Abstract

PURPOSE:To analyze the correlation between patient-reported regurgitation on pressure over lacrimal sac (ROPLAS) with the physician's examination in diagnosing primary-acquired nasolacrimal duct obstruction (PANDO).METHODS:A cross-sectional study was done over 5 months (March–July 2018). All cases diagnosed as PANDO were included in the study. The maneuver of pressing over the lacrimal sac area and noticing the egress of mucoid or clear fluid from the surrounding area by the patient was termed as self-ROPLAS. A specific patient history of performance of this maneuver was compared with a clinician-performed ROPLAS and subsequent objective lacrimal drainage evaluation.

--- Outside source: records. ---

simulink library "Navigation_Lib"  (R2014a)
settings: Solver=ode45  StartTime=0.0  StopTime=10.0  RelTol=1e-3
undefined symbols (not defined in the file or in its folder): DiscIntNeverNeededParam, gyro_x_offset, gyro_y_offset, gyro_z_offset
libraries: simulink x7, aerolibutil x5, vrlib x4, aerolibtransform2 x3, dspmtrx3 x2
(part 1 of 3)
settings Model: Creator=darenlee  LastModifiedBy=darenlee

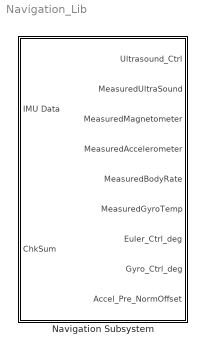
== system Navigation_Lib ==
  Navigation Subsystem : Subsystem  mask{TempProcessVariant=1, PI_YAW_CORRECT=[-0.9 -0.0001], D_YAW_CORRECT=0, P_GAIN_ROLLPITCH=-2, I_GAIN_ROLLPITCH=-0.01, ACCEL_OFFSET_X=0, ACCEL_OFFSET_Y=0, ACCEL_OFFSET_Z=0}
      mask prompts: TempProcessVariant "TempCondition"; PI_YAW_CORRECT "PI Gain  (Yaw Correction)"; D_YAW_CORRECT "D Gain (Yaw Correction)"; P_GAIN_ROLLPITCH "P Gain (RollPitch Correction)"; I_GAIN_ROLLPITCH "I Gain (RollPitch Correction)"; ACCEL_OFFSET_X "Accel Offset X"; ACCEL_OFFSET_Y "Accel Offset Y"; ACCEL_OFFSET_Z "Accel Offset Z"
      mask TypeOptions TempProcessVariant: 1 | 2
      mask DialogControl DescTextVar Prompt: Navigation Subsystem with Attitude Determination

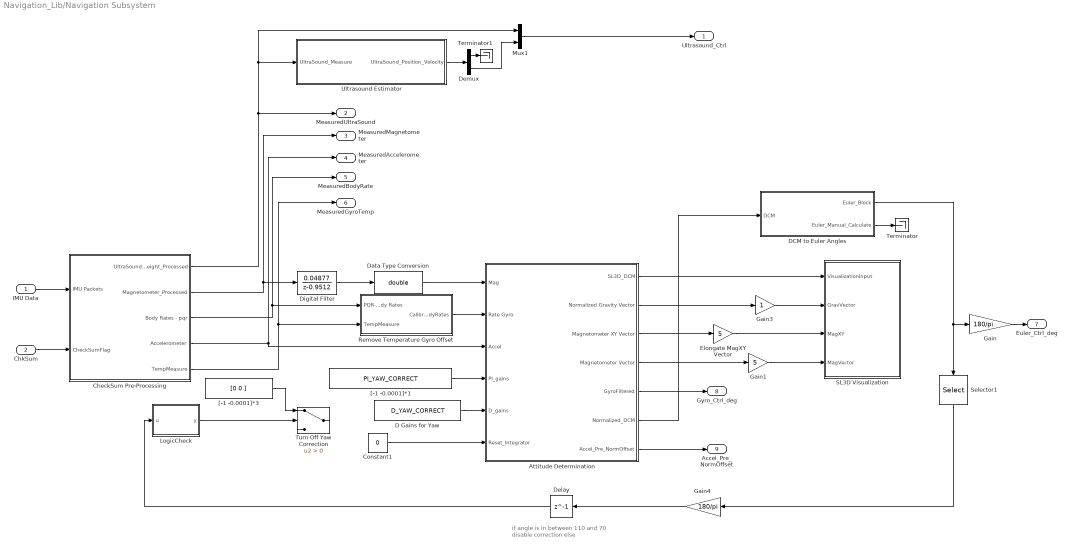
== system Navigation_Lib/Navigation Subsystem ==
  note: if angle is in between 110 and 70
      | disable correction
      | else
  IMU Data : Inport  OutDataTypeStr=Bus: IMU_Packets
  ChkSum : Inport  Port=2
  Attitude Determination : Subsystem
  CheckSum Pre-Processing : Subsystem
  Constant1 : Constant  Value=0
  D Gains for Yaw : Constant  Value=D_YAW_CORRECT
  DCM to Euler Angles : Subsystem
  Data Type Conversion : DataTypeConversion  OutDataTypeStr=double
  Delay : Delay  DelayLength=1  InitialCondition=0
  Demux : Demux  Outputs=2
  Digital Filter : DiscreteTransferFcn  Numerator=[0.04877]  Denominator=[1 -0.9512]  SampleTime=1/400
  Elongate MagXY Vector : Gain  Gain=5  OutDataTypeStr=double
  Gain : Gain  Gain=180/pi
  Gain1 : Gain  Gain=5  OutDataTypeStr=double
  Gain3 : Gain  OutDataTypeStr=double
  Gain4 : Gain  Gain=180/pi
  LogicCheck : MATLAB Function  TreatAsAtomicUnit=on
  Mux1 : Mux  Inputs=2
  Remove Temperature Gyro Offset : Subsystem  Variant=on  OverrideUsingVariant=TempProcessVariant==1
  SL3D Visualization : Subsystem
  Selector1 : Selector  IndexMode=Zero-based  InputPortWidth=3  Indices=2
  Terminator : Terminator
  Terminator1 : Terminator
  "Turn Off Yaw Correction " : Switch  Criteria=u2 > Threshold
  Ultrasound Estimator : Subsystem
  "[-1 -0.0001]*1" : Constant  Value=PI_YAW_CORRECT
  "[-1 -0.0001]*3" : Constant  Value=[0 0 ]
  Ultrasound_Ctrl : Outport
  MeasuredUltraSound : Outport  Port=2
  MeasuredMagnetometer : Outport  Port=3
  MeasuredAccelerometer : Outport  Port=4
  MeasuredBodyRate : Outport  Port=5
  MeasuredGyroTemp : Outport  Port=6
  Euler_Ctrl_deg : Outport  Port=7
  Gyro_Ctrl_deg : Outport  Port=8
  "Accel_Pre_NormOffset " : Outport  Port=9
  wires:
  DCM to Euler Angles/2(Euler_Manual_Calculate) -> Terminator/1
  "[-1 -0.0001]*1"/1 -> Attitude Determination/4(PI_gains)
  Remove Temperature Gyro Offset/1(Calibrated-BodyRates) -> Attitude Determination/2(Rate Gyro)
  D Gains for Yaw/1 -> Attitude Determination/5(D_gains)
  Gain4/1 -> Delay/1
  Selector1/1 -> Gain4/1
  LogicCheck/1(y) -> "Turn Off Yaw Correction "/2
  Delay/1 -> LogicCheck/1(u)
  "[-1 -0.0001]*3"/1 -> "Turn Off Yaw Correction "/1
  Attitude Determination/5(GyroFiltered) -> Gyro_Ctrl_deg/1
  Attitude Determination/3(" Magnetometer XY Vector") -> Elongate MagXY Vector/1
  Attitude Determination/4(Magnetometer Vector) -> Gain1/1
  Gain3/1 -> SL3D Visualization/2(GravVector)
  Attitude Determination/2(Normalized Gravity Vector) -> Gain3/1
  Constant1/1 -> Attitude Determination/6(Reset_Integrator)
  Elongate MagXY Vector/1 -> SL3D Visualization/3(MagXY)
  Gain1/1 -> SL3D Visualization/4(MagVector)
  Attitude Determination/1(SL3D_DCM) -> SL3D Visualization/1(VisualizationInput)
  Digital Filter/1 -> Data Type Conversion/1
  DCM to Euler Angles/1(Euler_Block) -> Gain/1, Selector1/1
  CheckSum Pre-Processing/5(TempMeasure) -> Remove Temperature Gyro Offset/2(TempMeasure), MeasuredGyroTemp/1
  CheckSum Pre-Processing/2(Magnetometer_Processed) -> Digital Filter/1, MeasuredMagnetometer/1
  CheckSum Pre-Processing/3(Body Rates - pqr) -> Remove Temperature Gyro Offset/1(PQR-Body Rates), MeasuredBodyRate/1
  CheckSum Pre-Processing/4(Accelerometer) -> Attitude Determination/3(Accel), MeasuredAccelerometer/1
  ChkSum/1 -> CheckSum Pre-Processing/2(CheckSumFlag)
  IMU Data/1 -> CheckSum Pre-Processing/1(IMU Packets)
  Attitude Determination/6("Normalized_DCM ") -> DCM to Euler Angles/1(DCM)
  Data Type Conversion/1 -> Attitude Determination/1(Mag)
  Attitude Determination/7(Accel_Pre_NormOffset) -> "Accel_Pre_NormOffset "/1
  Gain/1 -> Euler_Ctrl_deg/1
  CheckSum Pre-Processing/1(UltraSoundHeight_Processed) -> Ultrasound Estimator/1(UltraSound_Measure), Mux1/1, MeasuredUltraSound/1
  Mux1/1 -> Ultrasound_Ctrl/1
  Ultrasound Estimator/1("UltraSound_Position_Velocity ") -> Demux/1
  Demux/2 -> Mux1/2
  Demux/1 -> Terminator1/1

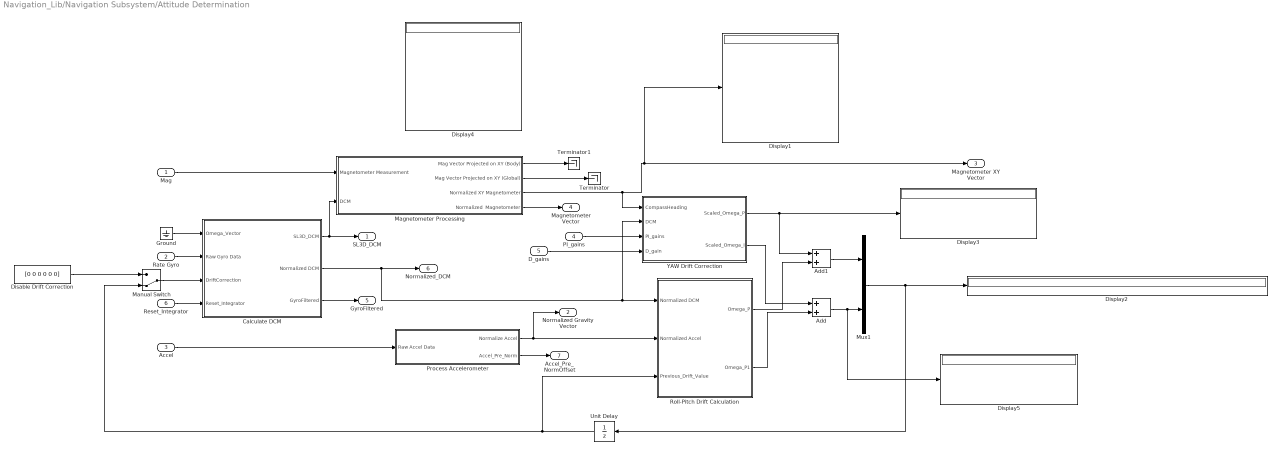
== system Navigation_Lib/Navigation Subsystem/Attitude Determination ==
  Mag : Inport  PortDimensions=3
  Rate Gyro : Inport  Port=2  PortDimensions=3
  Accel : Inport  Port=3  OutDataTypeStr=uint16
  PI_gains : Inport  Port=4
  D_gains : Inport  Port=5
  Reset_Integrator : Inport  Port=6
  Add : Sum
  Add1 : Sum
  Calculate DCM : Subsystem
  Disable Drift Correction : Constant  Value=[0 0 0 0 0 0]
  Display{1..5} (5 alike) : Display
  Ground : Ground
  Magnetometer Processing : Subsystem
  Manual Switch : ManualSwitch  CurrentSetting=0
  Mux1 : Mux  Inputs=2
  Process Accelerometer : Subsystem
  Roll-Pitch Drift Calculation : Subsystem
  Terminator : Terminator
  Terminator1 : Terminator
  Unit Delay : UnitDelay  SampleTime=-1
  YAW Drift Correction : Subsystem  TreatAsAtomicUnit=on
  SL3D_DCM : Outport
  Normalized Gravity Vector : Outport  Port=2
  " Magnetometer XY Vector" : Outport  Port=3
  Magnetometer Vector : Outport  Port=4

The various reasons for performing self-ROPLAS by the patients were documented.RESULTS:A total of 134 patients were included in the study, out of which 59 (44.02%) were males and 75 (55.9%) were females. History of self-ROPLAS was present in 64 (47.8%) of the patients, whereas the physician examination revealed ROPLAS to be positive in 92 (68.6%) of the patients. All patients (100%) with a positive history of self-ROPLAS had nasolacrimal duct obstruction on subsequent examination. The most common reason for performing self-ROPLAS was for emptying the discharge from the medial canthal region to reduce the painless swelling.CONCLUSION:Self-ROPLAS is highly suggestive of an obstructed nasolacrimal duct and can be used as a screening tool by the primary physician to triage the patients toward ophthalmic plastic clinics or consult.